- [WHAT YOU SHOULD DO]: The exact lines from the start of the material below through the line holding "-> Product3/2, Product/1" are the answer; return those, pictures excluded.

##########

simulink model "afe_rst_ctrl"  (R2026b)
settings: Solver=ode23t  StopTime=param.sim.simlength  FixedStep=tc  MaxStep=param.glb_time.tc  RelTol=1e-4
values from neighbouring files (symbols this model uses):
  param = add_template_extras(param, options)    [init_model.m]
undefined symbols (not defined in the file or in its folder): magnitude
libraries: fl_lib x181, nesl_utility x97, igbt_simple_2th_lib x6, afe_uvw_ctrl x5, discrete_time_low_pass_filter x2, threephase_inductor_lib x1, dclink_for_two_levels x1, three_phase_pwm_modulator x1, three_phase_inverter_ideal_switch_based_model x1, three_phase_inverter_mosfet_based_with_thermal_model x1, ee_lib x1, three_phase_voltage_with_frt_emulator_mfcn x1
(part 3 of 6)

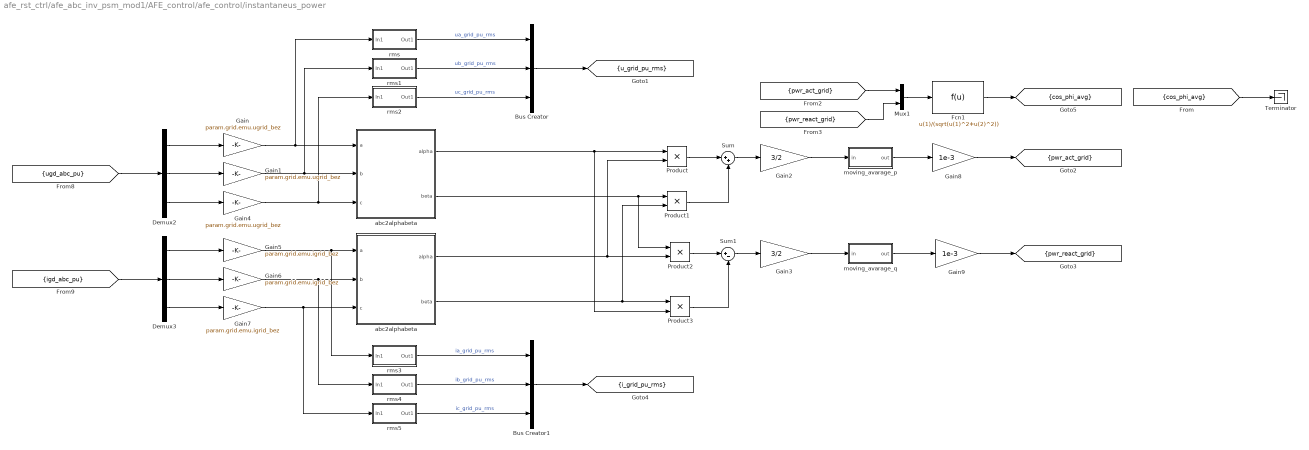
== system afe_rst_ctrl/afe_abc_inv_psm_mod1/AFE_control/afe_control/instantaneus_power ==
  Bus Creator : BusCreator  Inputs=3
  Bus Creator1 : BusCreator  Inputs=3
  Demux2 : Demux  Outputs=3
  Demux3 : Demux  Outputs=3
  Fcn1 : Fcn  Expr=u(1)/(sqrt(u(1)^2+u(2)^2))
  Gain : Gain  Gain=param.grid.emu.ugrid_bez
  Gain1 : Gain  Gain=param.grid.emu.ugrid_bez
  Gain2 : Gain  Gain=3/2
  Gain3 : Gain  Gain=3/2
  Gain4 : Gain  Gain=param.grid.emu.ugrid_bez
  Gain5 : Gain  Gain=param.grid.emu.igrid_bez
  Gain6 : Gain  Gain=param.grid.emu.igrid_bez
  Gain7 : Gain  Gain=param.grid.emu.igrid_bez
  Gain8 : Gain  Gain=1e-3
  Gain9 : Gain  Gain=1e-3
  Mux1 : Mux  Inputs=2
  Product{,1..3} (4 alike) : Product  RndMeth=Zero
  Sum : Sum  Inputs=|++
  Sum1 : Sum  Inputs=|+-
  Terminator : Terminator
  abc2alphabeta : Subsystem
  "abc2alphabeta " : Subsystem
  moving_avarage_p : Subsystem
  moving_avarage_q : Subsystem
  rms : Subsystem
  rms1 : Subsystem
  rms2 : Subsystem
  rms3 : Subsystem
  rms4 : Subsystem
  rms5 : Subsystem
  tag scope: cos_phi_avg=scoped, i_grid_pu_rms=scoped, pwr_act_grid=scoped, pwr_react_grid=scoped, u_grid_pu_rms=scoped
  wires:
  abc2alphabeta/2("beta ") -> Product1/1, Product2/1
  "abc2alphabeta "/2("beta ") -> Product1/2, Product3/1
  abc2alphabeta/1("alpha ") -> Product3/2, Product/1
  "abc2alphabeta "/1("alpha ") -> Product2/2, Product/2
  Product/1 -> Sum/1
  Product1/1 -> Sum/2
  Product2/1 -> Sum1/1
  Product3/1 -> Sum1/2
  Sum1/1 -> Gain3/1
  Sum/1 -> Gain2/1
  Gain2/1 -> moving_avarage_p/1(in)
  Gain3/1 -> moving_avarage_q/1(in)
  [pwr_react_grid] -> Mux1/2
  Mux1/1 -> Fcn1/1
  Fcn1/1 -> [cos_phi_avg]
  [pwr_act_grid] -> Mux1/1
  rms/1(Out1) -> Bus Creator/1  "ua_grid_pu_rms"
  rms2/1(Out1) -> Bus Creator/3  "uc_grid_pu_rms"
  rms1/1(Out1) -> Bus Creator/2  "ub_grid_pu_rms"
  moving_avarage_p/1(out) -> Gain8/1
  moving_avarage_q/1(out) -> Gain9/1
  Demux2/1 -> Gain/1
  Demux2/2 -> Gain1/1
  Demux2/3 -> Gain4/1
  Demux3/1 -> Gain5/1
  Demux3/2 -> Gain6/1
  Demux3/3 -> Gain7/1
  Gain/1 -> rms/1(In1), abc2alphabeta/1(a)
  Gain1/1 -> rms1/1(In1), abc2alphabeta/2(b)
  Gain4/1 -> rms2/1(In1), abc2alphabeta/3(c)
  Gain5/1 -> rms3/1(In1), "abc2alphabeta "/1(a)
  Gain6/1 -> rms4/1(In1), "abc2alphabeta "/2(b)
  Gain7/1 -> rms5/1(In1), "abc2alphabeta "/3(c)
  Gain8/1 -> [pwr_act_grid]
  Gain9/1 -> [pwr_react_grid]
  [ugd_abc_pu] -> Demux2/1
  [igd_abc_pu] -> Demux3/1
  Bus Creator/1 -> [u_grid_pu_rms]
  rms4/1(Out1) -> Bus Creator1/2  "ib_grid_pu_rms"
  rms3/1(Out1) -> Bus Creator1/1  "ia_grid_pu_rms"
  rms5/1(Out1) -> Bus Creator1/3  "ic_grid_pu_rms"
  Bus Creator1/1 -> [i_grid_pu_rms]
  [cos_phi_avg] -> Terminator/1

== system afe_rst_ctrl/afe_abc_inv_psm_mod1/AFE_control/afe_control/interesting scopes ==
  current_sequences_mod1 : Scope  NumInputPorts=4
      settings: ActiveDisplayYMinimum=-0.97178065031766891  ActiveDisplayYMaximum=1.9392475411295891  DataLoggingVariableName=ScopeData2
  i_grid_seq_ref : Scope
      settings: ActiveDisplayYMinimum=-1.1499999999999995  ActiveDisplayYMaximum=0.34999999999999981
  voltage_sequences_mod1 : Scope  NumInputPorts=4
      settings: ActiveDisplayYMinimum=-1.2405151816982258  ActiveDisplayYMaximum=1.2605257614333911
  wires:
  [v_grid_neg_eta_avg] -> voltage_sequences_mod1/4  "u_grid_neg_eta"
  [i_grid_neg_xi_avg] -> current_sequences_mod1/3  "i_grid_neg_xi"
  [v_grid_pos_eta_avg] -> voltage_sequences_mod1/2  "u_grid_pos_eta"
  [v_grid_neg_xi_avg] -> voltage_sequences_mod1/3  "u_grid_neg_xi"
  [i_grid_pos_xi_avg] -> current_sequences_mod1/1  "i_grid_pos_xi"
  [i_grid_neg_eta_avg] -> current_sequences_mod1/4  "i_grid_neg_eta"
  [v_grid_pos_xi_avg] -> voltage_sequences_mod1/1  "u_grid_pos_xi"
  [i_grid_pos_eta_avg] -> current_sequences_mod1/2  "i_grid_pos_eta"
  [i_grid_seq_ref] -> i_grid_seq_ref/1  "i_grid_seq_ref"

== system afe_rst_ctrl/afe_abc_inv_psm_mod1/AFE_control/afe_control/is afe quantizzation and one step delay ==
  is_abc_pu : Inport
  Demux : Demux  Outputs=3
  Mux : Mux  Inputs=3
  is afe quantizzation and one step delay : Subsystem
  isd_abc_pu : Outport
  wires:
  is afe quantizzation and one step delay/2(isd_v_pu) -> Mux/2
  is_abc_pu/1 -> Demux/1
  is afe quantizzation and one step delay/3(isd_w_pu) -> Mux/3
  is afe quantizzation and one step delay/1(isd_u_pu) -> Mux/1
  Demux/1 -> is afe quantizzation and one step delay/1(is_u_pu)
  Mux/1 -> isd_abc_pu/1
  Demux/3 -> is afe quantizzation and one step delay/3(is_w_pu)
  Demux/2 -> is afe quantizzation and one step delay/2(is_v_pu)

== system afe_rst_ctrl/afe_abc_inv_psm_mod1/AFE_control/afe_control/islanding_mode_detector ==
  gamma : Inport
  alpha : Inport  Port=2
  beta : Inport  Port=3
  Constant : Constant
  Mux : Mux  Inputs=2
  island_detection : Scope  NumInputPorts=3
      settings: ActiveDisplayYMinimum=-13.028939727220205  ActiveDisplayYMaximum=117.26045754498188  DataLoggingVariableName=ScopeData10
  islanding_detector : afe_uvw_ctrl/islanding_detector  p=param.afe.uvw
  wires:
  Mux/1 -> islanding_detector/1
  alpha/1 -> Mux/1  "u_grid_alpha"
  beta/1 -> Mux/2  "u_grid_beta"
  gamma/1 -> islanding_detector/2  "gamma_grid"
  [omega_grid_pll_pu] -> islanding_detector/3
  Constant/1 -> islanding_detector/4
  islanding_detector/1 -> island_detection/1
  islanding_detector/2 -> island_detection/2
  islanding_detector/3 -> island_detection/3

== system afe_rst_ctrl/afe_abc_inv_psm_mod1/AFE_control/afe_control/phase_compensation_1 ==
  local_time : Inport
  master_time : Inport  Port=2
  Zero-Order Hold : ZeroOrderHold  SampleTime=-1
  Zero-Order Hold1 : ZeroOrderHold  SampleTime=-1
  alignment_eval_afe1 : Subsystem
  y : Outport
  wires:
  local_time/1 -> Zero-Order Hold/1
  master_time/1 -> Zero-Order Hold1/1
  alignment_eval_afe1/1(dp) -> y/1
  Zero-Order Hold/1 -> alignment_eval_afe1/1(local_time)
  Zero-Order Hold1/1 -> alignment_eval_afe1/2(master_time)

== system afe_rst_ctrl/afe_abc_inv_psm_mod1/AFE_control/afe_control/space_vector ==
  uab_out : Inport
  Bus Creator : BusCreator  Inputs=3
  Bus Selector : BusSelector  OutputSignals=da,db,dc
  C Caller : CCaller  FunctionName=sv_pwm_cm_process_simulink  PortSpecificationStruct="%)30     .    B H   8    (     @         %    \"     8    !     0         %  0 \"0    $    _    07)G3F%M90  4&]R=$YA;64 4V-O<&4     26YD97@     5'EP90      4VEZ90      27-';&]B86P   X    P    !@    @    $          4    (     0    ,    !         !   P!O=70 #@   #     &    \"     0         !0    @    !     P    $         $  # &]U=  .    .     8    (    !          %    \"     $    &     0         0   ...(+3252 chars)"
  Constant : Constant  Value=param.glb_time.ts_afe
  Constant1 : Constant
  Data Type Conversion1 : DataTypeConversion  OutDataTypeStr=double  SaturateOnIntegerOverflow=off  RndMeth=Floor
  Data Type Conversion{4,15..16,18} (4 alike) : DataTypeConversion  OutDataTypeStr=single  SaturateOnIntegerOverflow=off  RndMeth=Floor
  Data Type Conversion17 : DataTypeConversion  OutDataTypeStr=uint32  SaturateOnIntegerOverflow=off  RndMeth=Floor
  Data Type Conversion2 : DataTypeConversion  OutDataTypeStr=double  SaturateOnIntegerOverflow=off  RndMeth=Floor
  Data Type Conversion3 : DataTypeConversion  OutDataTypeStr=double  SaturateOnIntegerOverflow=off  RndMeth=Floor
  Demux : Demux  Outputs=3
  Gain1 : Gain  Gain=sqrt(3)/2
  Gain2 : Gain  Gain=sqrt(3)/2
  Gain3 : Gain  Gain=param.afe.ref.u_cm_comp_mod1
  duvw : Outport
  wires:
  Data Type Conversion15/1 -> C Caller/2
  Bus Selector/2 -> Data Type Conversion2/1  "<db>"
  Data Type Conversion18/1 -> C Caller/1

##########

- [RESULT]:
simulink model "afe_rst_ctrl"  (R2026b)
settings: Solver=ode23t  StopTime=param.sim.simlength  FixedStep=tc  MaxStep=param.glb_time.tc  RelTol=1e-4
values from neighbouring files (symbols this model uses):
  param = add_template_extras(param, options)    [init_model.m]
undefined symbols (not defined in the file or in its folder): magnitude
libraries: fl_lib x181, nesl_utility x97, igbt_simple_2th_lib x6, afe_uvw_ctrl x5, discrete_time_low_pass_filter x2, threephase_inductor_lib x1, dclink_for_two_levels x1, three_phase_pwm_modulator x1, three_phase_inverter_ideal_switch_based_model x1, three_phase_inverter_mosfet_based_with_thermal_model x1, ee_lib x1, three_phase_voltage_with_frt_emulator_mfcn x1
(part 3 of 6)

== system afe_rst_ctrl/afe_abc_inv_psm_mod1/AFE_control/afe_control/instantaneus_power ==
  Bus Creator : BusCreator  Inputs=3
  Bus Creator1 : BusCreator  Inputs=3
  Demux2 : Demux  Outputs=3
  Demux3 : Demux  Outputs=3
  Fcn1 : Fcn  Expr=u(1)/(sqrt(u(1)^2+u(2)^2))
  Gain : Gain  Gain=param.grid.emu.ugrid_bez
  Gain1 : Gain  Gain=param.grid.emu.ugrid_bez
  Gain2 : Gain  Gain=3/2
  Gain3 : Gain  Gain=3/2
  Gain4 : Gain  Gain=param.grid.emu.ugrid_bez
  Gain5 : Gain  Gain=param.grid.emu.igrid_bez
  Gain6 : Gain  Gain=param.grid.emu.igrid_bez
  Gain7 : Gain  Gain=param.grid.emu.igrid_bez
  Gain8 : Gain  Gain=1e-3
  Gain9 : Gain  Gain=1e-3
  Mux1 : Mux  Inputs=2
  Product{,1..3} (4 alike) : Product  RndMeth=Zero
  Sum : Sum  Inputs=|++
  Sum1 : Sum  Inputs=|+-
  Terminator : Terminator
  abc2alphabeta : Subsystem
  "abc2alphabeta " : Subsystem
  moving_avarage_p : Subsystem
  moving_avarage_q : Subsystem
  rms : Subsystem
  rms1 : Subsystem
  rms2 : Subsystem
  rms3 : Subsystem
  rms4 : Subsystem
  rms5 : Subsystem
  tag scope: cos_phi_avg=scoped, i_grid_pu_rms=scoped, pwr_act_grid=scoped, pwr_react_grid=scoped, u_grid_pu_rms=scoped
  wires:
  abc2alphabeta/2("beta ") -> Product1/1, Product2/1
  "abc2alphabeta "/2("beta ") -> Product1/2, Product3/1
  abc2alphabeta/1("alpha ") -> Product3/2, Product/1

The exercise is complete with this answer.